The blank spot where my poem once hung in Yad Vashem
One day last fall I received a call from Yad Vashem explaining that they wanted to use a poem of mine to open an exhibit on photography and the Holocaust entitled “Flashes of Memory.” I was thrilled. I had just finished a collection of poems in Yiddish about my responsibility to the voices of my many family members who disappeared in the Holocaust and was deeply moved that my work would be incorporated in an exhibition of this magnitude at such an important institution.
“Flashes of Memory” presents photographs taken during the Holocaust by German and Jewish photographers, focusing on the circumstances of the photograph and the worldview of the photographer. Even though the poem the curators had selected was about a photograph of a woman in World War One, snapped by an apparently friendly soldier, the manner in which she looked into the camera and the way the soldier must have been embarrassed by her straightforward gaze made the poem seem utterly relevant to the exhibit.
My parents had grown up there, in Lida, during that war. The stories from my aunts about those days and the difference between the Polish, Russian and German armies were always fascinating, and have appeared in my writings for many years. In that period, the Germans always came off as the least inhumane. Nevertheless, because my parents fled the Nazis in the Second World War, I possess no photographs of grandparents, cousins, and aunts and uncles who did not manage to escape. So when I found a photograph of a woman on the street in Lida, shamelessly looking the photographer in the lens, I decided to “adopt” her. I called the poem Sepia because I knew it was ‘colored’ by its age and distance, and the reality of the situation I described was colored by my interpretation.
No matter how much we enlarge it,
That photograph snapped by a German soldier
Of my grandmother in Lida, 1916,
Remains perfectly clear. Her eyes
Register her cold measure
Of the soldier who could decide
To shoot her instead of her
Picture if that
Was his hobby
Instead of photography.
This is what war
Is like – I taste her fear
Even though I’m seeing her
Now from the eyes
Of the oppressor.
And I know the shame of both.
There are so many horrors we do not have access to. There are no photographs of the Polish pogroms in the year following the German occupation of Lida. We only know about life there during the Great War because of the photographs taken by German soldiers. And despite the multitude of revealing snapshots in Yad Vashem, we know so little of our past. One of my grandmothers disappeared into a pit outside of Lida and the other was melted into soap in Stutthof. Nothing remains. Evidence and interpretation of history is essential.
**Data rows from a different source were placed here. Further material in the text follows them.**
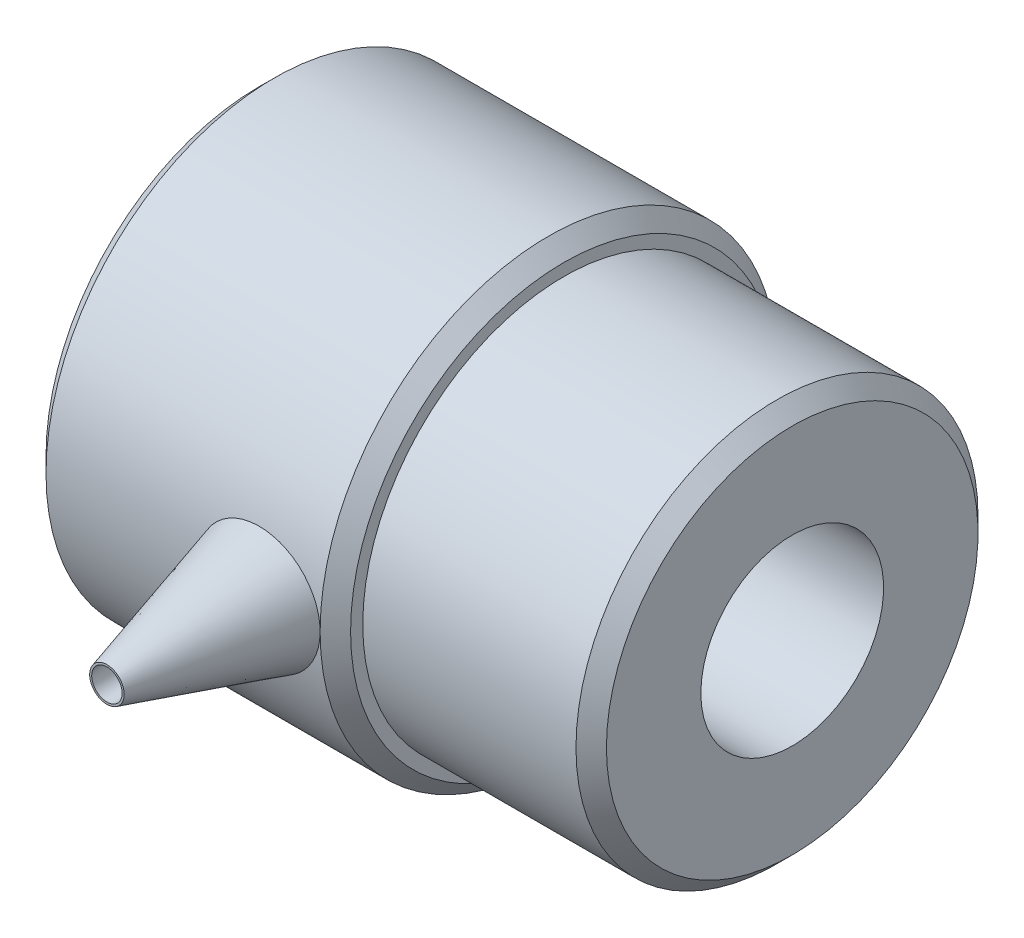
from build123d import *

# Parameters (mm, degrees)
CHAMFER1_SIZE  = 0.5
CHAMFER2_SIZE  = 0.5
CHAMFER3_SIZE  = 1
SKETCH2_R      = 2.5
EXTRUDE1_DEPTH = 10
SKETCH3_R      = 4
EXTRUDE2_DEPTH = 10
EXTRUDE2_TAPER = 16
SKETCH4_R      = 1
EXTRUDE3_DEPTH = 20


with BuildPart() as part:
    # Sketch1 → Revolve1 (revolve)
    with BuildSketch(Plane.XY, mode=Mode.PRIVATE) as revolve1_sk:
        Polygon((0, 6), (0, 13.2), (-15, 13.2), (-15, 15), (-35, 15), (-35, 11), (-33, 11), (-33, 10), (-17.11967558, 10), (-17.11967558, 11), (-15.11967558, 11), (-15.11967558, 6), align=None)
    revolve(revolve1_sk.sketch.rotate(Axis((-35, 0, 0), (1, 0, 0)), 90), axis=Axis((-35, 0, 0), (1, 0, 0)))

    # Chamfer1
    chamfer1_edges = [part.edges().sort_by_distance(p)[0] for p in [
        (-33, 0, -10),
    ]]
    chamfer(chamfer1_edges, length=CHAMFER1_SIZE)

    # Chamfer2
    chamfer2_edges = [part.edges().sort_by_distance(p)[0] for p in [
        (-15.11967558, 0, -6),
    ]]
    chamfer(chamfer2_edges, length=CHAMFER2_SIZE)

    # Chamfer3
    chamfer3_edges = [part.edges().sort_by_distance(p)[0] for p in [
        (0, 0, -13.2),
        (-15, 0, -15),
        (-35, 0, -15),
    ]]
    chamfer(chamfer3_edges, length=CHAMFER3_SIZE)

    # Sketch2 → Extrude1 (cut)
    with BuildSketch(Plane.XY.offset(15)):
        with Locations((-20, 0)):
            Circle(SKETCH2_R)
    extrude(amount=-EXTRUDE1_DEPTH, mode=Mode.SUBTRACT)


with BuildPart() as body_2:
    # Sketch3 → Extrude2 (new body)
    with BuildSketch(Plane.XY.offset(15)):
        with Locations((-20, 0)):
            Circle(SKETCH3_R)
    extrude(amount=EXTRUDE2_DEPTH, taper=EXTRUDE2_TAPER)

    # Sketch4 → Extrude3 (cut)
    with BuildSketch(Plane.XY.offset(15)):
        with Locations((-20, 0)):
            Circle(SKETCH4_R)
    extrude(amount=EXTRUDE3_DEPTH, mode=Mode.SUBTRACT)


solid = Compound([part.part, body_2.part])

I was a little worried when the poem and the photograph covered the wall in Yad Vashem. Should my name be on it? I wondered. Is there exploitation in making art from the suffering of others? The photographer is anonymous, but I was taking credit for relating what I thought was going on in the picture. In the end I didn’t ask that the poem appear anonymously, and was in fact extremely proud of the paradox I was displaying in identifying with the photographer. As with every photograph, I was seeing the subject through his eyes, but I would not have been able to see her at all had he not photographed her.
More than eight months after the exhibit opened, I received another call from Yad Vashem. They regretted to inform me that after numerous objections, the poem was being removed from the wall. A few hours later I discovered that I was being vilified for comparing Israeli soldiers with Nazis. I was asked by the press for reactions, and in giving my explanation of the poem, was accused and blamed again.
Even though my first instinct was to apologize if some were offended by my words, particularly in such a place that should show only honor and respect for those millions senselessly lost, I soon realized that my apology was doing a disservice to the entire purpose of the exhibit. I am very proud of this poem. I am indeed extremely proud of all my work in aiding the research and understanding of the Holocaust, and I am certain that the censorship of my poem, however well meant, hid a greater evil. Those who saw strange political criticisms in Sepia, or, as I named it in Hebrew, The Gaze, were looking for a comparison that they feared in themselves. As Alexander Pope once noted, “All looks jaundiced to the jaundiced eye.”
This is a phenomenon about which I dare not be silent.